Sirius estimates that if Xigris treatment were offered to those patients the test identifies as being most likely to benefit from it, then Lilly’s market share in sepsis could increase from 5% to 30%. That estimate is conservative because it is based solely on the patient group (37%) for which the drug offers the strongest and clearest potential benefit. Sirius believes its product, currently in the validation stage of development, will become the “gatekeeper” diagnostic test to help guide physicians in their treatment of all sepsis patients. The management expects that the time to market for this innovative product will be under two years.
The potential of personalized medicine to increase Xigris use has not been lost on Lilly. As a result, in 2006 the company announced a collaboration with Biosite Inc. (www.biosite.com, which was acquired in June 2007 by Inverness Medical Innovations, Inc.) to develop a clinical trial intended to validate the use of Biosite’s diagnostic test to guide Xigris treatment (4). This test uses a protein marker the company believes will help determine which patients might be helped by Xigris treatment as well as the appropriate dosing and duration of said treatment. Data from the trial, which began patient recruitment in 2008, could advance Xigris therapy by helping doctors provide the appropriate doses to the right patients at the right time.
So The Future Is BrighterAt first glance, the diagnostic tests developed by Sirius Genomics and Biosite seem destined to reduce the potential Xigris market from all patients with severe sepsis to only those who would most benefit from Xigris therapy (clearly the antithesis of the “blockbuster drug” model). In this case, however, the increased clarity provided to physicians using these diagnostic tests is likely to alleviate their reluctance to prescribe the drug. Once they are validated, demand for both diagnostic tests should be high, and their use should provide the catalyst for Lilly to drastically increase its sepsis market share.

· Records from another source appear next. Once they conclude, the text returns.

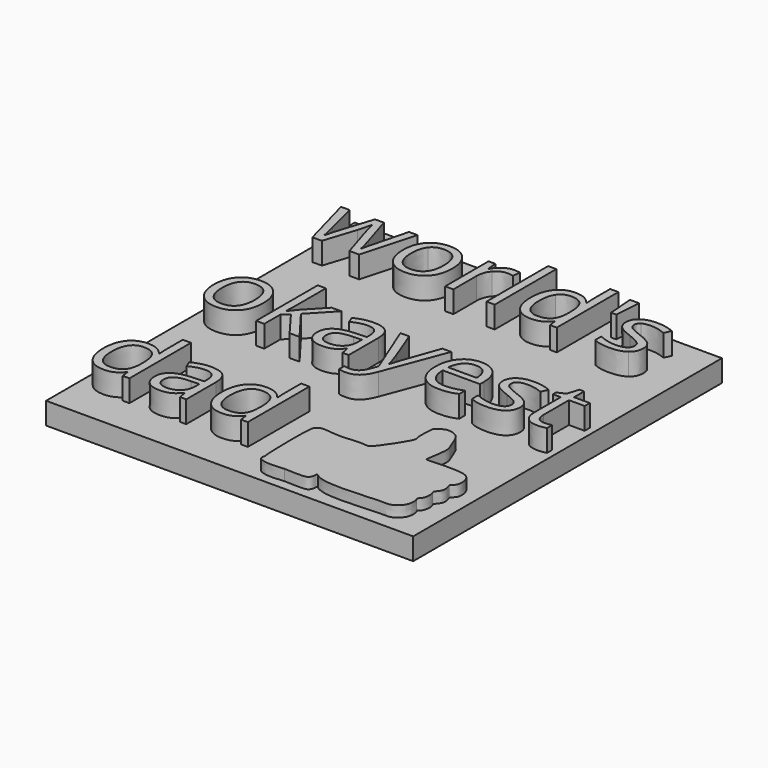
from build123d import *

# Parameters (mm, degrees)
F0_W         = 0.954216132
F0_H         = 0.4688345157
F0_H_2       = 8.4721154837
F1_DEPTH     = 5.08
F0_TEXT_SIZE = 11.7668270607
F2_DEPTH     = 5.08
F3_DEPTH     = 5.08
F4_DEPTH     = 2.54
F6_DEPTH     = 1.27


# Not quite as in the source:
# - Text() gives the source's letters only with a copy of the font that has no kerning and outlines rounded to 1/6400 em; it was checked with that copy


with BuildPart() as f1:
    # F0 (on Top) → F1 (new body)
    with BuildSketch(Plane.XY):
        with Locations((1.2318397079, 22.6472947877)):
            Rectangle(F0_W, F0_H)
        with Locations((8.4426984161, 22.6472947877)):
            Rectangle(F0_W, F0_H)
        with Locations((1.2318397079, 18.176819788)):
            Rectangle(F0_W, F0_H_2)
        with BuildLine():
            Line((8.9198064821, 22.4128775299), (7.9655903501, 22.4128775299))
            Line((7.9655903501, 22.4128775299), (7.9655903501, 20.3187500264))
            Line((7.9655903501, 20.3187500264), (7.9894917176, 19.8756554449))
            Line((7.9894917176, 19.8756554449), (8.0299401856, 19.421529463))
            Line((8.0299401856, 19.421529463), (7.9545589497, 19.421529463))
            add(Edge.make_bspline(
                [(5.9891311172, 20.3536827942), (7.2706121268, 20.3536827942), (7.9545589497, 19.421529463)],
                knots=[0, 0, 0, 1, 1, 1], degree=2))
            add(Edge.make_bspline(
                [(4.069667453, 19.4913949987), (4.759129976, 20.3536827942), (5.9891311172, 20.3536827942)],
                knots=[0, 0, 0, 1, 1, 1], degree=2))
            add(Edge.make_bspline(
                [(3.3802049299, 17.0718411843), (3.3802049299, 18.6291072031), (4.069667453, 19.4913949987)],
                knots=[0, 0, 0, 1, 1, 1], degree=2))
            add(Edge.make_bspline(
                [(4.0669096029, 14.6697537539), (3.3802049299, 15.5145751655), (3.3802049299, 17.0718411843)],
                knots=[0, 0, 0, 1, 1, 1], degree=2))
            add(Edge.make_bspline(
                [(5.9891311172, 13.8249323423), (4.7536142759, 13.8249323423), (4.0669096029, 14.6697537539)],
                knots=[0, 0, 0, 1, 1, 1], degree=2))
            add(Edge.make_bspline(
                [(7.9655903501, 14.7846641744), (7.3055448947, 13.8249323423), (5.9891311172, 13.8249323423)],
                knots=[0, 0, 0, 1, 1, 1], degree=2))
            Line((7.9655903501, 14.7846641744), (8.0170702185, 14.7846641744))
            Line((8.0170702185, 14.7846641744), (8.1439313227, 13.9407620461))
            Line((8.1439313227, 13.9407620461), (8.9198064821, 13.9407620461))
            Line((8.9198064821, 13.9407620461), (8.9198064821, 22.4128775299))
        make_face()
        with BuildLine():
            add(Edge.make_bspline(
                [(6.1104765213, 14.624708869), (7.086755454, 14.624708869), (7.526172902, 15.1560546535)],
                knots=[0, 0, 0, 1, 1, 1], degree=2))
            add(Edge.make_bspline(
                [(4.8115291278, 15.2397094396), (5.2537044259, 14.624708869), (6.1104765213, 14.624708869)],
                knots=[0, 0, 0, 1, 1, 1], degree=2))
            add(Edge.make_bspline(
                [(4.3693538297, 17.060809784), (4.3693538297, 15.8547100102), (4.8115291278, 15.2397094396)],
                knots=[0, 0, 0, 1, 1, 1], degree=2))
            add(Edge.make_bspline(
                [(4.8142869779, 18.9021343623), (4.3693538297, 18.2503624571), (4.3693538297, 17.060809784)],
                knots=[0, 0, 0, 1, 1, 1], degree=2))
            add(Edge.make_bspline(
                [(6.0994451209, 19.5539062674), (5.2592201261, 19.5539062674), (4.8142869779, 18.9021343623)],
                knots=[0, 0, 0, 1, 1, 1], degree=2))
            add(Edge.make_bspline(
                [(7.5206572019, 18.982112015), (7.0757240536, 19.5539062674), (6.0994451209, 19.5539062674)],
                knots=[0, 0, 0, 1, 1, 1], degree=2))
            add(Edge.make_bspline(
                [(7.9655903501, 17.0718411843), (7.9655903501, 18.4103177625), (7.5206572019, 18.982112015)],
                knots=[0, 0, 0, 1, 1, 1], degree=2))
            Line((7.9655903501, 17.0718411843), (7.9655903501, 16.8714374109))
            add(Edge.make_bspline(
                [(7.526172902, 15.1560546535), (7.9655903501, 15.687400438), (7.9655903501, 16.8714374109)],
                knots=[0, 0, 0, 1, 1, 1], degree=2))
        make_face(mode=Mode.SUBTRACT)
        with BuildLine():
            add(Edge.make_bspline(
                [(-1.1757634227, 20.3536827942), (-0.7565702087, 20.3536827942), (-0.4237896309, 20.2838172586)],
                knots=[0, 0, 0, 1, 1, 1], degree=2))
            add(Edge.make_bspline(
                [(-2.2623563591, 20.0199829331), (-1.7677819092, 20.3536827942), (-1.1757634227, 20.3536827942)],
                knots=[0, 0, 0, 1, 1, 1], degree=2))
            add(Edge.make_bspline(
                [(-3.1062584874, 19.0722017846), (-2.756930809, 19.6862830719), (-2.2623563591, 20.0199829331)],
                knots=[0, 0, 0, 1, 1, 1], degree=2))
            Line((-3.1062584874, 19.0722017846), (-3.1522226556, 19.0722017846))
            Line((-3.1522226556, 19.0722017846), (-3.2625366593, 20.2378530904))
            Line((-3.2625366593, 20.2378530904), (-4.0494432189, 20.2378530904))
            Line((-4.0494432189, 20.2378530904), (-4.0494432189, 13.9407620461))
            Line((-4.0494432189, 13.9407620461), (-3.095227087, 13.9407620461))
            Line((-3.095227087, 13.9407620461), (-3.095227087, 17.3200476926))
            add(Edge.make_bspline(
                [(-2.5528499022, 18.8653630277), (-3.095227087, 18.2448467569), (-3.095227087, 17.3200476926)],
                knots=[0, 0, 0, 1, 1, 1], degree=2))
            add(Edge.make_bspline(
                [(-1.2456289584, 19.4858792985), (-2.0104727173, 19.4858792985), (-2.5528499022, 18.8653630277)],
                knots=[0, 0, 0, 1, 1, 1], degree=2))
            add(Edge.make_bspline(
                [(-0.5561664353, 19.3994666623), (-0.9459425817, 19.4858792985), (-1.2456289584, 19.4858792985)],
                knots=[0, 0, 0, 1, 1, 1], degree=2))
            Line((-0.5561664353, 19.3994666623), (-0.4237896309, 20.2838172586))
        make_face()
        with BuildLine():
            add(Edge.make_bspline(
                [(-5.7225389416, 17.0957425518), (-5.7225389416, 15.5550236335), (-6.4974948176, 14.6899779879)],
                knots=[0, 0, 0, 1, 1, 1], degree=2))
            add(Edge.make_bspline(
                [(-6.5011719511, 19.4739286148), (-5.7225389416, 18.5941744353), (-5.7225389416, 17.0957425518)],
                knots=[0, 0, 0, 1, 1, 1], degree=2))
            add(Edge.make_bspline(
                [(-8.5998958713, 20.3536827942), (-7.2798049605, 20.3536827942), (-6.5011719511, 19.4739286148)],
                knots=[0, 0, 0, 1, 1, 1], degree=2))
            add(Edge.make_bspline(
                [(-10.7381489763, 19.4941528488), (-9.9677895171, 20.3536827942), (-8.5998958713, 20.3536827942)],
                knots=[0, 0, 0, 1, 1, 1], degree=2))
            add(Edge.make_bspline(
                [(-11.5085084354, 17.0957425518), (-11.5085084354, 18.6346229033), (-10.7381489763, 19.4941528488)],
                knots=[0, 0, 0, 1, 1, 1], degree=2))
            add(Edge.make_bspline(
                [(-11.1518264901, 15.3601355603), (-11.5085084354, 16.1010779518), (-11.5085084354, 17.0957425518)],
                knots=[0, 0, 0, 1, 1, 1], degree=2))
            add(Edge.make_bspline(
                [(-10.1406147896, 14.2220627556), (-10.7951445449, 14.6191931689), (-11.1518264901, 15.3601355603)],
                knots=[0, 0, 0, 1, 1, 1], degree=2))
            add(Edge.make_bspline(
                [(-8.6403443394, 13.8249323423), (-9.4860850344, 13.8249323423), (-10.1406147896, 14.2220627556)],
                knots=[0, 0, 0, 1, 1, 1], degree=2))
            add(Edge.make_bspline(
                [(-6.4974948176, 14.6899779879), (-7.2724506936, 13.8249323423), (-8.6403443394, 13.8249323423)],
                knots=[0, 0, 0, 1, 1, 1], degree=2))
        make_face()
        with BuildLine():
            add(Edge.make_bspline(
                [(-10.5193595356, 17.0957425518), (-10.5193595356, 15.8878042113), (-10.0367357695, 15.2562565402)],
                knots=[0, 0, 0, 1, 1, 1], degree=2))
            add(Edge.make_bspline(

Development work being done by these two diagnostics companies is part of a greater shift occurring in the healthcare industry from diagnosis and treatment developed for people in general to individuals in particular. This may also encourage a new collaborative environment between biotechnology and “big pharma” companies. And the Xigris brand may yet prove to be one of the industry’s genuine breakthroughs — as well as a case study of how personalized medicine can add value to the pharma business.